## YOUR TASK
What you return must be an exact copy of the lines in the listing below between the line holding "edge.add_line((56.0353, 46.9481), (59.0257, 46.9481))" and the line holding "edge.add_line((59.1855, 46.9273), (59.0755, 46.9273))", inclusive, and nothing more.

## MATERIAL FOR THIS EXERCISE
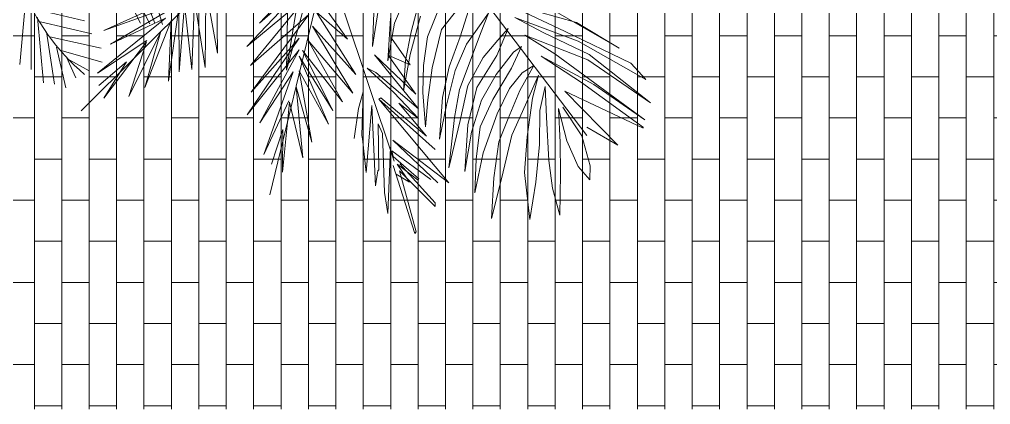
# Model space of a CAD drawing. Header units: metres. Extents: x 8 to 2416, y -346 to 476.
# Drawn here: x 43.477 to 48.277, y 38.976 to 40.88 of the extents above; entities that cross this region are included whole.
import ezdxf

# ---------------------------------------------------------------- set-up
doc = ezdxf.new("R2010")
doc.units = ezdxf.units.M
doc.linetypes.add('0', pattern=[0])
doc.layers.get('0').update_dxf_attribs({"color": 250, "linetype": '0', "lineweight": 20})
doc.layers.add('ARBOLES', color=86, linetype='Continuous', lineweight=0)
doc.layers.add('arboles oscuros', color=7, linetype='Continuous', lineweight=0, true_color=0x4d582c)
doc.layers.add('hatch piso', color=253, linetype='Continuous', lineweight=0, transparency=0.7)

# ---------------------------------------------------------------- blocks, each defined once
blk = doc.blocks.new('ARBUSTO 2')
at = {"layer": 'arboles oscuros', "color": 252, "true_color": 0x8da178}
blk.add_line((-0.5358, -1.2504), (0, 0), dxfattribs=at)
blk.add_lwpolyline([(0, 0), (-0.3421, -0.5327), (-0.5358, -1.2504), (-0.171, -0.6055), (0, 0)], dxfattribs=at)
blk = doc.blocks.new('PL MUEBLES 1N NASAS 09')
at = {"layer": 'hatch piso'}
h = blk.add_hatch(dxfattribs=at)
h.set_pattern_fill('AR-BRSTD', color=256, scale=0.002, angle=-90)
h.set_pattern_definition([(270, (-8.74588, 232.01007), (0.1354836, -2e-17), []), (0, (-8.74588, 232.01007), (0.1354836, 0.2032), [0.1354836, -0.1354836])])
edge = h.paths.add_edge_path()
edge.add_line((62.3305, 47.1481), (63.2305, 47.1481))
edge.add_line((63.2305, 47.1481), (63.2305, 48.4481))
edge.add_line((63.2305, 48.4481), (56.5331, 48.4481))
edge.add_line((56.5331, 48.4481), (56.5331, 48.2731))
edge.add_line((56.5331, 48.2731), (56.3831, 48.2731))
edge.add_line((56.3831, 48.2731), (56.3831, 48.4536))
edge.add_line((56.3831, 48.4536), (54.5879, 48.4536))
edge.add_line((54.5879, 48.4536), (54.5879, 46.9481))
edge.add_line((54.5879, 46.9481), (55.8257, 46.9481))
edge.add_arc((55.8755, 46.9973), 0.07, 180, 224.6727, ccw=False)
edge.add_line((55.8055, 46.9973), (55.8055, 47.1073))
edge.add_arc((55.8755, 47.1073), 0.07, 90, 180, ccw=False)
edge.add_line((55.8755, 47.1773), (55.9855, 47.1773))
edge.add_arc((55.9855, 47.1073), 0.07, 0, 90, ccw=False)
edge.add_line((56.0555, 47.1073), (56.0555, 46.9973))
edge.add_arc((55.9855, 46.9973), 0.07, -44.6727, 0, ccw=False)
edge.add_line((56.0353, 46.9481), (59.0257, 46.9481))
edge.add_arc((59.0755, 46.9973), 0.07, 180, 224.6728, ccw=False)
edge.add_line((59.0055, 46.9973), (59.0055, 47.1073))
edge.add_arc((59.0755, 47.1073), 0.07, 90, 180, ccw=False)
edge.add_line((59.0755, 47.1773), (59.1855, 47.1773))
edge.add_arc((59.1855, 47.1073), 0.07, 0, 90, ccw=False)
edge.add_line((59.2555, 47.1073), (59.2555, 46.9973))
edge.add_arc((59.1855, 46.9973), 0.07, -90, 0, ccw=False)
edge.add_line((59.1855, 46.9273), (59.0755, 46.9273))
edge.add_arc((59.0755, 46.9973), 0.07, 229.9948, 270, ccw=False)
edge.add_line((59.0305, 46.9437), (59.0305, 44.972))
edge.add_arc((59.0755, 44.9184), 0.07, 90, 130.0052, ccw=False)
edge.add_line((59.0755, 44.9884), (59.1855, 44.9884))
edge.add_arc((59.1855, 44.9184), 0.07, 0, 90, ccw=False)
edge.add_line((59.2555, 44.9184), (59.2555, 44.8084))
edge.add_arc((59.1855, 44.8084), 0.07, -90, 0, ccw=False)
edge.add_line((59.1855, 44.7384), (59.0755, 44.7384))
edge.add_arc((59.0755, 44.8084), 0.07, 229.9948, 270, ccw=False)
edge.add_line((59.0305, 44.7548), (59.0305, 41.172))
edge.add_arc((59.0755, 41.1184), 0.07, 90, 130.0052, ccw=False)
edge.add_line((59.0755, 41.1884), (59.1855, 41.1884))
edge.add_arc((59.1855, 41.1184), 0.07, 0, 90, ccw=False)
edge.add_line((59.2555, 41.1184), (59.2555, 41.0084))
edge.add_arc((59.1855, 41.0084), 0.07, -90, 0, ccw=False)
edge.add_line((59.1855, 40.9384), (59.0755, 40.9384))
edge.add_arc((59.0755, 41.0084), 0.07, 180, 270, ccw=False)
edge.add_line((59.0055, 41.0084), (59.0055, 41.1184))
edge.add_arc((59.0755, 41.1184), 0.07, 149.8481, 180, ccw=False)
edge.add_line((59.0149, 41.1535), (56.0391, 41.1535))
edge.add_arc((55.9855, 41.1085), 0.07, 0, 40.0052, ccw=False)
edge.add_line((56.0555, 41.1085), (56.0555, 40.9985))
edge.add_arc((55.9855, 40.9985), 0.07, -90, 0, ccw=False)
edge.add_line((55.9855, 40.9285), (55.8755, 40.9285))
edge.add_arc((55.8755, 40.9985), 0.07, 180, 270, ccw=False)
edge.add_line((55.8055, 40.9985), (55.8055, 41.1085))
edge.add_arc((55.8755, 41.1085), 0.07, 139.9948, 180, ccw=False)
edge.add_line((55.8219, 41.1535), (50.4363, 41.1535))
edge.add_arc((50.3827, 41.1085), 0.07, 0, 40.0052, ccw=False)
edge.add_line((50.4527, 41.1085), (50.4527, 40.9985))
edge.add_arc((50.3827, 40.9985), 0.07, -90, 0, ccw=False)
edge.add_line((50.3827, 40.9285), (50.2727, 40.9285))
edge.add_arc((50.2727, 40.9985), 0.07, 180, 270, ccw=False)
edge.add_line((50.2027, 40.9985), (50.2027, 41.1085))
edge.add_arc((50.2727, 41.1085), 0.07, 139.9948, 180, ccw=False)
edge.add_line((50.2191, 41.1535), (46.4305, 41.1535))
edge.add_line((46.4305, 41.1535), (46.4305, 40.9535))
edge.add_line((46.4305, 40.9535), (44.3305, 40.9535))
edge.add_line((44.3305, 40.9535), (44.3305, 39.3536))
edge.add_line((44.3305, 39.3536), (47.8305, 39.3536))
edge.add_line((47.8305, 39.3536), (47.8305, 38.9536))
edge.add_line((47.8305, 38.9536), (62.3305, 38.9536))
edge.add_line((62.3305, 38.9536), (62.3305, 47.1481))
blk = doc.blocks.new('A2')
at = {"layer": 'ARBOLES', "color": 87, "true_color": 0x4f6a34, "extrusion": (-5.08599e-09, -1.37735e-08, 1)}
for p, q in [((563.23, -210.17, 0), (646.2, -127.56, 0)), ((637.74, -243.42, 0), (665.32, -129.63, 0)), ((763.17, -219.99, 0), (703.47, -141.4, 0)), ((633.75, -175.6, 0), (657.5, -149.95, 0)), ((628.73, -184.82, 0), (656.87, -154.98, 0)), ((656.87, -154.98, 0), (633.75, -175.6, 0)), ((617.04, -187.42, 0), (616.76, -158.07, 0)), ((572.12, -178.5, 0), (605.49, -163.35, 0)), ((612.19, -193.06, 0), (612.46, -162.16, 0)), ((612.46, -162.16, 0), (617.04, -187.42, 0)), ((652.73, -164.76, 0), (628.73, -184.82, 0)), ((630.15, -192.28, 0), (652.73, -164.76, 0)), ((668.43, -181.94, 0), (656.49, -165.01, 0)), ((687.02, -175.52, 0), (691.88, -164.13, 0)), ((603.08, -167.41, 0), (572.12, -178.5, 0)), ((574.82, -183.87, 0), (603.08, -167.41, 0)), ((601.98, -194.77, 0), (604.05, -168.23, 0)), ((604.05, -168.23, 0), (606.9, -193.86, 0)), ((606.9, -193.86, 0), (608.05, -166.02, 0)), ((608.05, -166.02, 0), (612.19, -193.06, 0)), ((678.32, -184.76, 0), (680.88, -168.81, 0)), ((696.84, -167.03, 0), (693.66, -178.94, 0)), ((705.1, -168.62, 0), (700.09, -180.91, 0)), ((717.25, -167.62, 0), (713.02, -180.95, 0)), ((597.66, -198.46, 0), (601.76, -169.5, 0)), ((601.76, -169.5, 0), (601.98, -194.77, 0)), ((653.17, -172.08, 0), (630.15, -192.28, 0)), ((630.45, -202.89, 0), (653.17, -172.08, 0)), ((671.73, -195.91, 0), (656.16, -171.03, 0)), ((656.16, -171.03, 0), (668.43, -181.94, 0)), ((686.88, -230.17, 0), (666.93, -170.29, 0)), ((678.89, -171.42, 0), (678.32, -184.76, 0)), ((693.26, -187.95, 0), (697.35, -172.79, 0)), ((705.71, -178.05, 0), (712.69, -169.17, 0)), ((715.52, -183.84, 0), (724.19, -171.57, 0)), ((724.19, -171.57, 0), (721.14, -179.67, 0)), ((734.41, -169.39, 0), (754.26, -178.73, 0)), ((758.99, -175.23, 0), (736.5, -168.99, 0)), ((748.28, -169.44, 0), (775.96, -185.49, 0)), ((569.6, -195.38, 0), (596.58, -173.56, 0)), ((596.58, -173.56, 0), (574.82, -183.87, 0)), ((588.29, -201.05, 0), (598.74, -174.43, 0)), ((598.74, -174.43, 0), (597.66, -198.46, 0)), ((685.46, -173.53, 0), (684.47, -190.43, 0)), ((684.47, -190.43, 0), (687.02, -175.52, 0)), ((759.75, -182.67, 0), (734.66, -173.32, 0)), ((734.66, -173.32, 0), (745.89, -179.23, 0)), ((775.96, -185.49, 0), (758.99, -175.23, 0)), ((582, -204.52, 0), (594.51, -179.19, 0)), ((594.51, -179.19, 0), (588.29, -201.05, 0)), ((670.55, -203.25, 0), (654.63, -176.76, 0)), ((654.63, -176.76, 0), (671.73, -195.91, 0)), ((693.66, -178.94, 0), (691.42, -190.3, 0)), ((701.99, -193.21, 0), (705.71, -178.05, 0)), ((721.14, -179.67, 0), (716.65, -191.69, 0)), ((732.02, -177.61, 0), (727.54, -188.32, 0)), ((727.93, -182.31, 0), (732.02, -177.61, 0)), ((763.54, -190.01, 0), (738.56, -180.25, 0)), ((738.56, -180.25, 0), (750.42, -187.62, 0)), ((745.89, -179.23, 0), (764.07, -187.92, 0)), ((754.26, -178.73, 0), (780.54, -191.38, 0)), ((589.08, -182.38, 0), (569.6, -195.38, 0)), ((572.15, -205.18, 0), (589.07, -182.97, 0)), ((589.07, -182.97, 0), (582, -204.52, 0)), ((628.77, -211.77, 0), (649.31, -181.42, 0)), ((649.31, -181.42, 0), (630.45, -202.89, 0)), ((666.45, -206.7, 0), (652.89, -182.36, 0)), ((652.89, -182.36, 0), (670.55, -203.25, 0)), ((693.28, -191.99, 0), (686.14, -181.87, 0)), ((700.09, -180.91, 0), (698.59, -192.3, 0)), ((713.02, -180.95, 0), (708.68, -192.86, 0)), ((711.03, -194.29, 0), (715.52, -183.84, 0)), ((722.15, -189.09, 0), (727.93, -182.31, 0)), ((786.39, -197.83, 0), (759.75, -182.67, 0)), ((649.38, -186.14, 0), (628.77, -211.77, 0)), ((633.88, -214.94, 0), (649.38, -186.14, 0)), ((662.73, -210.04, 0), (650.63, -186.33, 0)), ((650.63, -186.33, 0), (666.45, -206.7, 0)), ((696.52, -209.42, 0), (679.17, -188.13, 0)), ((679.17, -188.13, 0), (695.49, -203.66, 0)), ((695.49, -203.66, 0), (684.55, -188.15, 0)), ((684.55, -188.15, 0), (693.28, -191.99, 0)), ((690.6, -202.33, 0), (693.26, -187.95, 0)), ((727.25, -195.8, 0), (734.09, -187.04, 0)), ((737.35, -184.84, 0), (733.28, -193.32, 0)), ((734.09, -187.04, 0), (737.35, -184.84, 0)), ((750.42, -187.62, 0), (786.07, -213.79, 0)), ((764.07, -187.92, 0), (788.34, -207.11, 0)), ((570.16, -200.17, 0), (581.08, -190.86, 0)), ((581.08, -190.86, 0), (572.15, -205.18, 0)), ((660.98, -215.44, 0), (649.34, -188.61, 0)), ((649.34, -188.61, 0), (662.73, -210.04, 0)), ((691.42, -190.3, 0), (690.6, -202.33, 0)), ((716.65, -191.69, 0), (712.84, -201.77, 0)), ((716.1, -200.21, 0), (722.15, -189.09, 0)), ((727.54, -188.32, 0), (719.65, -201.01, 0)), ((765.86, -199.85, 0), (745.07, -188.64, 0)), ((745.07, -188.64, 0), (761, -199.05, 0)), ((788.34, -207.11, 0), (763.54, -190.01, 0)), ((780.54, -191.38, 0), (786.39, -197.83, 0)), ((647.04, -194.78, 0), (633.88, -214.94, 0)), ((635.44, -227.48, 0), (647.04, -194.78, 0)), ((654.34, -222.55, 0), (649.34, -194.4, 0)), ((649.34, -194.4, 0), (660.98, -215.44, 0)), ((686.86, -202.96, 0), (676.27, -193.35, 0)), ((676.27, -193.35, 0), (679.67, -195.08, 0)), ((679.67, -195.08, 0), (696.52, -209.42, 0)), ((698.59, -192.3, 0), (698.3, -203.03, 0)), ((700.27, -205.92, 0), (701.99, -193.21, 0)), ((708.68, -192.86, 0), (706.03, -205, 0)), ((707.59, -208.03, 0), (711.03, -194.29, 0)), ((721.46, -205.99, 0), (727.25, -195.8, 0)), ((733.28, -193.32, 0), (725.91, -205.74, 0)), ((732.58, -201.43, 0), (737.57, -195.16, 0)), ((742.18, -192.3, 0), (736.65, -202.22, 0)), ((737.57, -195.16, 0), (742.18, -192.3, 0)), ((738.84, -207.88, 0), (744, -196.12, 0)), ((744, -196.12, 0), (741.62, -205.27, 0)), ((761, -199.05, 0), (785.54, -216.82, 0)), ((650.79, -228.8, 0), (648.23, -200.66, 0)), ((648.23, -200.66, 0), (654.34, -222.55, 0)), ((674.67, -202.66, 0), (672.82, -209.34, 0)), ((674.09, -219.93, 0), (674.67, -202.66, 0)), ((696.62, -213.2, 0), (686.86, -202.96, 0)), ((698.3, -203.03, 0), (699.3, -216.53, 0)), ((712.84, -201.77, 0), (710.82, -212.87, 0)), ((713.06, -214.07, 0), (716.1, -200.21, 0)), ((719.65, -201.01, 0), (716.05, -215.8, 0)), ((727.73, -211.35, 0), (732.58, -201.43, 0)), ((736.65, -202.22, 0), (732.02, -213.2, 0)), ((744.59, -210.1, 0), (746.6, -200.57, 0)), ((746.6, -200.57, 0), (747.2, -212.73, 0)), ((785.41, -217.12, 0), (754.47, -202.4, 0)), ((754.47, -202.4, 0), (775.32, -223.83, 0)), ((786.07, -213.79, 0), (765.86, -199.85, 0)), ((645.26, -206.22, 0), (635.44, -227.48, 0)), ((642.74, -234.51, 0), (645.56, -206.73, 0)), ((645.56, -206.73, 0), (650.79, -228.8, 0)), ((680.83, -205.56, 0), (681.61, -205.03, 0)), ((703.12, -225.52, 0), (680.83, -205.56, 0)), ((708.6, -238.74, 0), (680.83, -205.56, 0)), ((681.61, -205.03, 0), (699.73, -220.27, 0)), ((699.73, -220.27, 0), (688.79, -207.15, 0)), ((688.79, -207.15, 0), (696.62, -213.2, 0)), ((699.3, -216.53, 0), (700.27, -205.92, 0)), ((706.03, -205, 0), (704.93, -221.37, 0)), ((717.5, -218.68, 0), (721.46, -205.99, 0)), ((725.91, -205.74, 0), (720.9, -216.6, 0)), ((741.62, -205.27, 0), (739.58, -220.44, 0)), ((672.82, -209.34, 0), (671.06, -221.11, 0)), ((678.05, -208.05, 0), (675.87, -234.59, 0)), ((679.52, -239.83, 0), (678.05, -208.05, 0)), ((704.93, -221.37, 0), (707.59, -208.03, 0)), ((733.45, -219.78, 0), (738.84, -207.88, 0)), ((744.43, -223.48, 0), (744.59, -210.1, 0)), ((752.55, -222.73, 0), (751.92, -209.23, 0)), ((751.92, -209.23, 0), (755.17, -222.06, 0)), ((761.19, -220.14, 0), (753.64, -208.71, 0)), ((710.82, -212.87, 0), (708.55, -232.79, 0)), ((708.55, -232.79, 0), (713.06, -214.07, 0)), ((722.18, -226.81, 0), (727.73, -211.35, 0)), ((732.02, -213.2, 0), (728.32, -222.5, 0)), ((747.2, -212.73, 0), (748.08, -229.89, 0)), ((638.42, -231.27, 0), (642.87, -217.63, 0)), ((642.87, -217.63, 0), (642.74, -234.51, 0)), ((682.35, -219.17, 0), (680.65, -215.39, 0)), ((680.65, -215.39, 0), (680.92, -233.52, 0)), ((716.05, -215.8, 0), (714.83, -234.23, 0)), ((714.83, -234.23, 0), (717.5, -218.68, 0)), ((720.9, -216.6, 0), (719.4, -229.27, 0)), ((775.32, -223.83, 0), (763.11, -216.63, 0)), ((674.46, -221.24, 0), (674.09, -219.93, 0)), ((675.87, -234.59, 0), (674.46, -221.24, 0)), ((683.17, -242.46, 0), (682.35, -219.17, 0)), ((686.42, -221.84, 0), (704.16, -238.75, 0)), ((686.42, -221.84, 0), (708.6, -238.74, 0)), ((728.32, -222.5, 0), (726.33, -236.77, 0)), ((729.47, -236.63, 0), (733.45, -219.78, 0)), ((739.58, -220.44, 0), (738.49, -234.57, 0)), ((752.77, -235.14, 0), (752.55, -222.73, 0)), ((755.17, -222.06, 0), (759.73, -232.28, 0)), ((764.44, -231.92, 0), (761.19, -220.14, 0)), ((685.48, -224.56, 0), (684.47, -250.77, 0)), ((686.51, -228.23, 0), (685.99, -226.02, 0)), ((685.99, -226.02, 0), (701.4, -237.32, 0)), ((742.93, -238.39, 0), (744.43, -223.48, 0)), ((696.69, -237.05, 0), (686.51, -228.23, 0)), ((718.84, -242.61, 0), (722.18, -226.81, 0)), ((719.4, -229.27, 0), (718.84, -242.61, 0)), ((748.08, -229.89, 0), (749.61, -240.77, 0)), ((680.51, -233.93, 0), (679.52, -239.83, 0)), ((680.92, -233.52, 0), (680.51, -233.93, 0)), ((686.61, -231.89, 0), (695.16, -258.72, 0)), ((693.02, -238.46, 0), (688.07, -231.37, 0)), ((688.07, -231.37, 0), (696.42, -237.68, 0)), ((695.68, -258.09, 0), (689.11, -233.99, 0)), ((689.11, -233.99, 0), (703.19, -248.02, 0)), ((703.2, -246.6, 0), (689.12, -231.23, 0)), ((759.73, -232.28, 0), (764.27, -237.53, 0)), ((764.27, -237.53, 0), (764.44, -231.92, 0)), ((687.79, -235.3, 0), (693.02, -238.46, 0)), ((696.42, -237.68, 0), (696.69, -237.05, 0)), ((725.49, -252.84, 0), (729.47, -236.63, 0)), ((726.33, -236.77, 0), (725.49, -252.84, 0)), ((738.49, -234.57, 0), (740.52, -253.15, 0)), ((752.45, -251.51, 0), (752.77, -235.14, 0)), ((740.52, -253.15, 0), (742.93, -238.39, 0)), ((749.61, -240.77, 0), (752.45, -251.51, 0)), ((684.47, -250.77, 0), (683.17, -242.46, 0)), ((703.19, -248.02, 0), (703.2, -246.6, 0)), ((695.16, -258.72, 0), (695.68, -258.09, 0))]:
    blk.add_line(p, q, dxfattribs=at)
blk = doc.blocks.new('arbol4')
at = {"layer": 'ARBOLES', "color": 252, "true_color": 0x8da178}
for p, q in [((1294.1057, 72.2892), (1294.0831, 72.3873)), ((1294.1298, 72.253), (1294.11, 72.3782)), ((1294.151, 72.2182), (1294.1369, 72.3752)), ((1294.0817, 72.3133), (1294.059, 72.3631)), ((1294.0916, 72.2982), (1293.9954, 72.3254)), ((1294.0803, 72.3164), (1294.0265, 72.3465)), ((1294.1666, 72.1926), (1294.1666, 72.3435)), ((1294.1779, 72.1609), (1294.1935, 72.3314)), ((1294.1213, 72.265), (1293.9982, 72.2922)), ((1294.1439, 72.2288), (1294.0208, 72.2575)), ((1293.8751, 72.1533), (1293.851, 72.2348)), ((1293.9373, 72.1246), (1293.8807, 72.2333)), ((1293.9034, 72.1428), (1293.8694, 72.2318)), ((1293.9671, 72.1065), (1293.9034, 72.2318)), ((1294.1609, 72.1971), (1294.0378, 72.2258))]:
    blk.add_line(p, q, dxfattribs=at)
blk.add_arc((1293.7028, 71.9589), 0.5191, 351.935, 49.7903, dxfattribs=at)

msp = doc.modelspace()

# ---------------------------------------------------------------- block references
msp.add_blockref('PL MUEBLES 1N NASAS 09', (-11.8789, 0))
at = {"layer": 'ARBOLES', "xscale": 0.0125, "yscale": 0.0125, "zscale": 0.0125}
msp.add_blockref('A2', (36.7427, 43.0556, 0), dxfattribs=at)
at = {"layer": 'ARBOLES', "xscale": 2.056126495412678, "yscale": 2.056126495412678, "zscale": 2.056126495412678, "rotation": 180}
msp.add_blockref('arbol4', (2704.5049, 189.379, 0), dxfattribs=at)
at = {"layer": 'arboles oscuros', "xscale": 0.9529508504097018, "yscale": 0.9529508504097018, "zscale": 0.9529508504097018, "rotation": 14.02447005196064}
msp.add_blockref('ARBUSTO 2', (45.0039, 41.909), dxfattribs=at)

doc.saveas('drawing.dxf')

## TASK RESULT
edge.add_line((56.0353, 46.9481), (59.0257, 46.9481))
edge.add_arc((59.0755, 46.9973), 0.07, 180, 224.6728, ccw=False)
edge.add_line((59.0055, 46.9973), (59.0055, 47.1073))
edge.add_arc((59.0755, 47.1073), 0.07, 90, 180, ccw=False)
edge.add_line((59.0755, 47.1773), (59.1855, 47.1773))
edge.add_arc((59.1855, 47.1073), 0.07, 0, 90, ccw=False)
edge.add_line((59.2555, 47.1073), (59.2555, 46.9973))
edge.add_arc((59.1855, 46.9973), 0.07, -90, 0, ccw=False)
edge.add_line((59.1855, 46.9273), (59.0755, 46.9273))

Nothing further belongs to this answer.